Obama nyatakan turut berdukacita

Presiden Barack Obama Juli menyatakan kekerasan oleh polisi adalah "masalah serius". Obama bereaksi menanggapi pembunuhan terhadap dua warga Afro-Amerika. Tragedi ini bukan insiden yang terisolir satu dari lainnya, demikian dinyatakan Obama sebelumnya di Facebook. Dalam wawancara oleh sebuah media yang terutama ditonton warga kulit hitam Obama mengatakan, "Rasisme terhadap warga Afro Amerika mengakar dalam masyarakat AS".

Presiden Obama mengatakan reaklita yang ada di depan mata. Mana simpati dan tindakan yang menunjukkan ikut berdukacita? Mana tindakan tegas terhadap kekerasan oleh polisi, juga UU ketat tentang senjata? Itu dituntut aktivis gerakan "Blacklivesmatter". Dulu waktu Barack Obama baru jadi presiden, harapan warga kulit hitam dan kaum Hispanic sangat tinggi.
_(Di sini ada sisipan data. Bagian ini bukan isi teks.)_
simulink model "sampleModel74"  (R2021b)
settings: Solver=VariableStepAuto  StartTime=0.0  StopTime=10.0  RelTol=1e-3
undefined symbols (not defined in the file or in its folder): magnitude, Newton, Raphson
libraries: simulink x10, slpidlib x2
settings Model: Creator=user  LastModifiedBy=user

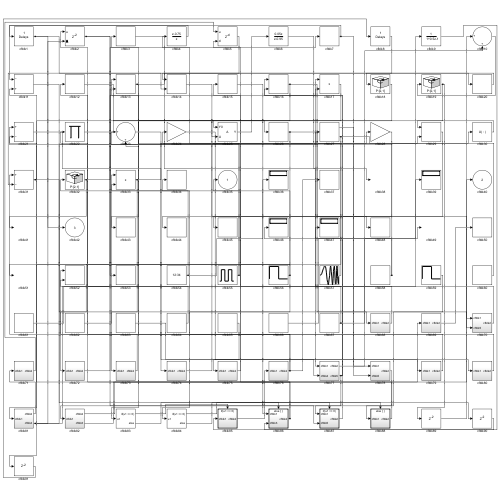
[thumbnail: Simulink's stored preview of the top-level diagram]
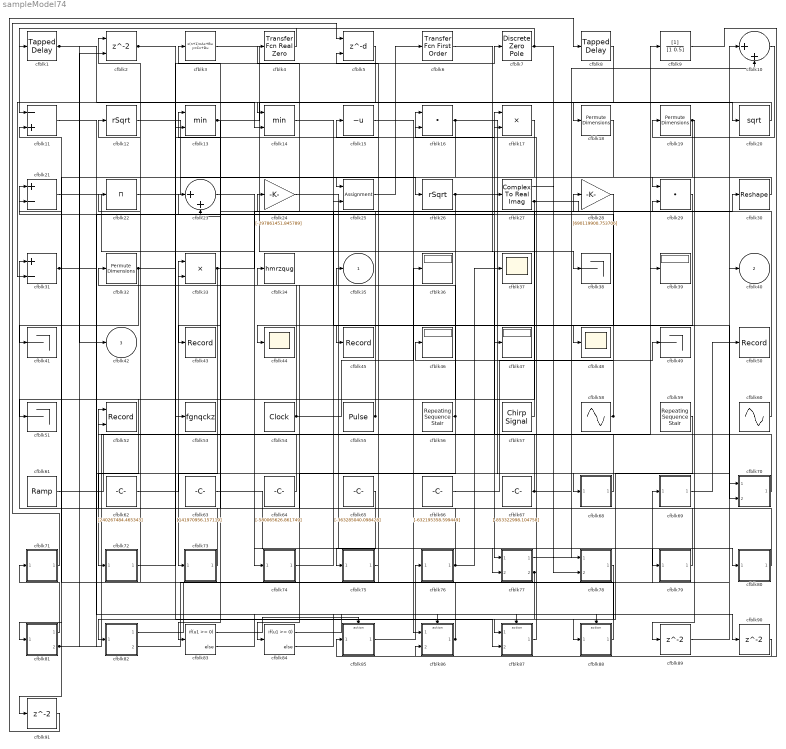
== system sampleModel74 ==
  cfblk1 : simulink/Discrete/Tapped Delay  vinit=0.0  samptime=-1  NumDelays=1  DelayOrder=Oldest  includeCurrent=off
  cfblk10 : Sum  Inputs=|++
  cfblk11 : Sum  Inputs=-+
  cfblk12 : Sqrt  Operator=rSqrt  AlgorithmType=Newton-Raphson  SaturateOnIntegerOverflow=on
  cfblk13 : MinMax  Inputs=2
  cfblk14 : MinMax  Inputs=2
  cfblk15 : UnaryMinus
  cfblk16 : DotProduct  InputSameDT=on  OutDataTypeStr=Inherit: Inherit via internal rule
  cfblk17 : Product
  cfblk18 : PermuteDimensions
  cfblk19 : PermuteDimensions
  cfblk2 : Delay  ShowEnablePort=on  SampleTime=1
      settings: InputPortMap=u0,e6
  cfblk20 : Sqrt  SaturateOnIntegerOverflow=on
  cfblk21 : Sum  Inputs=+-
  cfblk22 : Product  Inputs=*
  cfblk23 : Sum  Inputs=|++
  cfblk24 : Gain  Gain=[-297861451.845789]
  cfblk25 : Assignment  DiagnosticForDimensions=Warning  IndexOptions=Index vector (dialog)  Indices=1  OutputSizes=1
  cfblk26 : Sqrt  Operator=rSqrt  AlgorithmType=Newton-Raphson  SaturateOnIntegerOverflow=on
  cfblk27 : ComplexToRealImag
  cfblk28 : Gain  Gain=[690119900.753706]
  cfblk29 : DotProduct  InputSameDT=on  OutDataTypeStr=Inherit: Inherit via internal rule
  cfblk3 : DiscreteStateSpace
  cfblk30 : Reshape
  cfblk31 : Sum  Inputs=+-
  cfblk32 : PermuteDimensions
  cfblk33 : Product  Inputs=**
  cfblk34 : ToWorkspace  VariableName=hmrzqug  SaveFormat=Timeseries  SampleTime=-1
  cfblk{36,39,46..47} (4 alike) : Display
  cfblk37 : Scope
  cfblk{38,41,49,51} (4 alike) : Terminator
  cfblk4 : simulink/Discrete/Transfer Fcn Real Zero  ZeroZ=0.75  ICPrevInput=0.0  DoSatur=off
      settings: SourceProductBaseCode=SL
  cfblk43 : Record  FileSettingsInternal="{\"entries\":[{\"content\":{\"excelSettings\":{\"content\":{},\"type\":\"Streamout.ExcelSettings\"}},\"type\":\"Streamout.FileSettingStorage\",\"uuid\":\"48ba1b95-7696-4fb7-898a-d0dd139d0650\"}],\"packageUris\":[\"http://schema.mathworks.com/mf0/streamout_blocks/R2020a\"],\"version\":\"1.0\"}"  SignalsInternal="{\"entries\":[{\"content\":{\"signals\":[{\"content\":{\"blockPath\":[\"sampleModel74/cfblk43\"],\"channel\":[],\"dimensions\":[1,1],\"domain\":\"sampleModel74/cfblk43\",\"lineColor\":\"#edb120\",\"plots\":[1],\"port\":1,\"sid\":[\"\"],\"signalID\":2737,\"signalName\":\"cfblk17\"},\"type\":\"RecordBlkView.Signal\",\"uuid\":\"e86d3584-fb59-4afd-a1db-0bd2ffc62248\"}]},\"type\":\"RecordBlkView.InputSignals\",\"uuid\":\"38ef3183-be6e-4a9e-be3e-a4fb90b5b1f9\"}],\"packageUris\":[\"http://schema.mathworks.com/mf0/streamout_blocks/R2020a\"],\"version\":\"1.0\"}"  VisualizationBindings="{\"sparklinesplugin\":{\"info\":[{\"bindingParametersList\":[],\"subplotID\":1}]}}"
  cfblk44 : Scope
  cfblk45 : Record  FileSettingsInternal="{\"entries\":[{\"content\":{\"excelSettings\":{\"content\":{},\"type\":\"Streamout.ExcelSettings\"}},\"type\":\"Streamout.FileSettingStorage\",\"uuid\":\"c0c04c6a-9287-4ca5-a954-90f3d465e295\"}],\"packageUris\":[\"http://schema.mathworks.com/mf0/streamout_blocks/R2020a\"],\"version\":\"1.0\"}"  SignalsInternal="{\"entries\":[{\"content\":{\"signals\":[{\"content\":{\"blockPath\":[\"sampleModel74/cfblk45\"],\"channel\":[],\"dimensions\":[1],\"domain\":\"sampleModel74/cfblk45\",\"lineColor\":\"#7e2f8e\",\"plots\":[1],\"port\":1,\"sid\":[\"\"],\"signalID\":2741,\"signalName\":\"cfblk28\"},\"type\":\"RecordBlkView.Signal\",\"uuid\":\"fff33049-bbd2-4e7c-9b44-5c2925b8b3c0\"}]},\"type\":\"RecordBlkView.InputSignals\",\"uuid\":\"e4e584d3-6e89-4657-a415-00abe31742ed\"}],\"packageUris\":[\"http://schema.mathworks.com/mf0/streamout_blocks/R2020a\"],\"version\":\"1.0\"}"  VisualizationBindings="{\"sparklinesplugin\":{\"info\":[{\"bindingParametersList\":[],\"subplotID\":1}]}}"
  cfblk48 : Scope
  cfblk5 : Delay  DelayLengthSource=Input port  SampleTime=1
      settings: InputPortMap=u0,p1
  cfblk50 : Record  FileSettingsInternal="{\"entries\":[{\"content\":{\"excelSettings\":{\"content\":{},\"type\":\"Streamout.ExcelSettings\"}},\"type\":\"Streamout.FileSettingStorage\",\"uuid\":\"2063bf91-ee10-44c6-85e7-3db64ce144e7\"}],\"packageUris\":[\"http://schema.mathworks.com/mf0/streamout_blocks/R2020a\"],\"version\":\"1.0\"}"  SignalsInternal="{\"entries\":[{\"content\":{\"signals\":[{\"content\":{\"blockPath\":[\"sampleModel74/cfblk50\"],\"channel\":[],\"dimensions\":[1],\"domain\":\"sampleModel74/cfblk50\",\"lineColor\":\"#77ac30\",\"plots\":[1],\"port\":1,\"sid\":[\"\"],\"signalID\":2745,\"signalName\":\"cfblk69\"},\"type\":\"RecordBlkView.Signal\",\"uuid\":\"c73e1d6d-ec7e-4053-a185-d07a06e2b1ae\"}]},\"type\":\"RecordBlkView.InputSignals\",\"uuid\":\"2d8ce3cf-72b1-4d47-bc01-c7806f849a67\"}],\"packageUris\":[\"http://schema.mathworks.com/mf0/streamout_blocks/R2020a\"],\"version\":\"1.0\"}"  VisualizationBindings="{\"sparklinesplugin\":{\"info\":[{\"bindingParametersList\":[],\"subplotID\":1}]}}"
  cfblk52 : Record  FileSettingsInternal="{\"entries\":[{\"content\":{\"excelSettings\":{\"content\":{},\"type\":\"Streamout.ExcelSettings\"}},\"type\":\"Streamout.FileSettingStorage\",\"uuid\":\"a33d63da-2fbc-4813-9a5f-8919b3ff38c5\"}],\"packageUris\":[\"http://schema.mathworks.com/mf0/streamout_blocks/R2020a\"],\"version\":\"1.0\"}"  Layout=[1 1]  SignalsInternal="{\"entries\":[{\"content\":{\"signals\":[{\"content\":{\"blockPath\":[\"sampleModel74/cfblk52\"],\"channel\":[],\"dimensions\":[1],\"domain\":\"sampleModel74/cfblk52\",\"lineColor\":\"#a2142f\",\"plots\":[1],\"port\":1,\"sid\":[\"\"],\"signalID\":2749,\"signalName\":\"cfblk73\"},\"type\":\"RecordBlkView.Signal\",\"uuid\":\"3106f9a6-1d98-4c48-b4a9-0628818cd6a2\"},{\"content\":{\"blockPath\":[\"sampleModel74/cfblk52\"],\"channel\":[],\"dimensions\":[1],\"domain\":\"sampleModel74/cfblk52\",\"lineColor\":\"#139fff\",\"plots\":[1],\"port\":2,\"sid\":[\"\"],\"signalID\":2753,\"signalName\":\"cfblk64\"},\"type\":\"RecordBlkView.Signal\",\"uuid\":\"3007701b-6436-4cea-b82a-5ba8fd36c4e2\"}]},\"type\":\"RecordBlkView.InputSignals\",\"uuid\":\"9f57cf0e-22d1-4040-b944-b37ea4da367a\"}],\"packageUris\":[\"http://schema.mathworks.com/mf0/streamout_blocks/R2020a\"],\"version\":\"1.0\"}"  VisualizationBindings="{\"xyplotplugin\":{\"info\":[{\"series\":[{\"bindingParametersList\":[{\"parameter\":\"X-Axis\",\"signalID\":2749,\"signalName\":\"cfblk73\"},{\"parameter\":\"Y-Axis\",\"signalID\":2753,\"signalName\":\"cfblk64\"}],\"seriesID\":56445}],\"subplotID\":1}]}}"  CompatibilityTag=XY
  cfblk53 : ToWorkspace  VariableName=fgnqckz  SaveFormat=Timeseries  SampleTime=-1
  cfblk54 : DigitalClock
  cfblk55 : DiscretePulseGenerator  PulseType=Time based  Amplitude=[301093662.355844]  Period=[78291214.877593]  PulseWidth=5  PhaseDelay=[1.000000]
  cfblk56 : simulink/Sources/Repeating Sequence Stair  OutValues=[-38877685.461158, -866960158.323522]  tsamp=-1  OutMin=[]  OutMax=[]  OutDataTypeStr=double  OutputDataTypeScalingMode=double  OutDataType=fixdt(0,8)  ConRadixGroup=Best Precision: Vector-wise  OutScaling=2^-12
  cfblk57 : simulink/Sources/Chirp Signal  f1=[-130713625.876900]  T=[92266406.941991]  f2=[714551221.409625]
  cfblk58 : Sin  Amplitude=[-215573379.116947]  Bias=[658746098.891417]  SampleTime=0
  cfblk59 : simulink/Sources/Repeating Sequence Stair  OutValues=[-482847382.722123, -898676029.322696]  tsamp=-1  OutMin=[]  OutMax=[]  OutDataTypeStr=double  OutputDataTypeScalingMode=double  OutDataType=fixdt(0,8)  ConRadixGroup=Best Precision: Vector-wise  OutScaling=2^-12
  cfblk6 : simulink/Discrete/Transfer Fcn First Order  PoleZ=0.95  ICPrevOutput=0.0  DoSatur=off
  cfblk60 : Sin  Amplitude=[827954509.071652]  Bias=[417393928.339158]  SampleTime=0
  cfblk61 : simulink/Sources/Ramp  slope=[3672.630180]  start=[38.252533]  InitialOutput=[-938336.900996]
  cfblk62 : Constant  Value=[240267484.465343]  SampleTime=1
  cfblk63 : Constant  Value=[141970956.157119]  SampleTime=1
  cfblk64 : Constant  Value=[-580065626.861749]  SampleTime=1
  cfblk65 : Constant  Value=[-363285040.098428]  SampleTime=1
  cfblk66 : Constant  Value=[-632195358.599449]  SampleTime=1
  cfblk67 : Constant  Value=[-853322998.104758]  SampleTime=1
  cfblk68 : Subsystem
  cfblk69 : Subsystem
  cfblk7 : DiscreteZeroPole  Poles=[0 0.5]  Gain=1
  cfblk70 : Subsystem
  cfblk71 : Subsystem
  cfblk72 : Subsystem
  cfblk73 : Subsystem
  cfblk74 : Subsystem
  cfblk75 : Subsystem
  cfblk76 : Subsystem
  cfblk77 : Subsystem
  cfblk78 : Subsystem
  cfblk79 : Subsystem
  cfblk8 : simulink/Discrete/Tapped Delay  vinit=0.0  samptime=-1  NumDelays=1  DelayOrder=Oldest  includeCurrent=off
  cfblk80 : Subsystem
  cfblk81 : Subsystem
  cfblk82 : Subsystem
  cfblk83 : If  IfExpression=u1 >= 0  SampleTime=1
  cfblk84 : If  IfExpression=u1 >= 0  SampleTime=1
  cfblk85 : Subsystem  TreatAsAtomicUnit=on
  cfblk86 : Subsystem  TreatAsAtomicUnit=on
  cfblk87 : Subsystem  TreatAsAtomicUnit=on
  cfblk88 : Subsystem  TreatAsAtomicUnit=on
  cfblk89 : Delay  SampleTime=1
  cfblk9 : DiscreteFilter  SampleTime=1
  cfblk90 : Delay  SampleTime=1
  cfblk91 : Delay  SampleTime=1
  cfblk35 : Outport
  cfblk40 : Outport  Port=2
  cfblk42 : Outport  Port=3
  wires:
  cfblk25/1 -> cfblk6/1
  cfblk54/1 -> cfblk32/1, cfblk36/1
  cfblk82/1(cfblk2) -> cfblk69/1(cfblk1)
  cfblk73/1(cfblk2) -> cfblk52/1
  cfblk3/1 -> cfblk77/1(cfblk1)
  cfblk27/1 -> cfblk78/1(cfblk1)
  cfblk1/1 -> cfblk42/1, cfblk14/2
  cfblk33/1 -> cfblk73/1(cfblk1), cfblk29/2
  cfblk57/1 -> cfblk24/1
  cfblk65/1 -> cfblk75/1(cfblk1)
  cfblk85/1(cfblk2) -> cfblk76/1(cfblk1)
  cfblk29/1 -> cfblk44/1
  cfblk16/1 -> cfblk68/1(cfblk1), cfblk83/1
  cfblk74/1(cfblk2) -> cfblk28/1
  cfblk64/1 -> cfblk52/2
  cfblk12/1 -> cfblk25/1
  cfblk76/1(cfblk2) -> cfblk31/1, cfblk34/1, cfblk37/1
  cfblk4/1 -> cfblk11/1
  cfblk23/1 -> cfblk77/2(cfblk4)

Juga harapan perlindungan hak dan UU. Banyak dari mereka kini kecewa terhadap Obama, karena hampir tidak ada perubahan, dan Obama berpendapat situasi sudah lebih baik daripada 50 tahun lalu.

Dalam pidato-pidatonya Obama kerap meminta pengertian warga bagi tugas aparat kepolisian. Itu pekerjaan sulit dan harus dihargai. Dulu Obama selalu berkunjung secara pribadi ke daerah-daerah, di mana kerusuhan terjadi, misalnya 2008 di Philadelphia.

Tapi setelah kerusuhan di Ferguson 2014, Obama hanya mengirim Menteri Kehakiman Eric Holder. Pembicaraan dengan perwakian kepolisian lebih sering dilakukan daripada dengan aktivis. Tapi sebelum jadi presidenpun ia sudah mengatakan, tidak naiv dan berpikir optimsi, bahwa masalah pemisahan ras kulit hitam dan putih tbisa diselesaikannya dalam satu periode kepresidenan. Nyatanya dua periode masa jabatanya tidak cukup untuk tuntaskan masalah.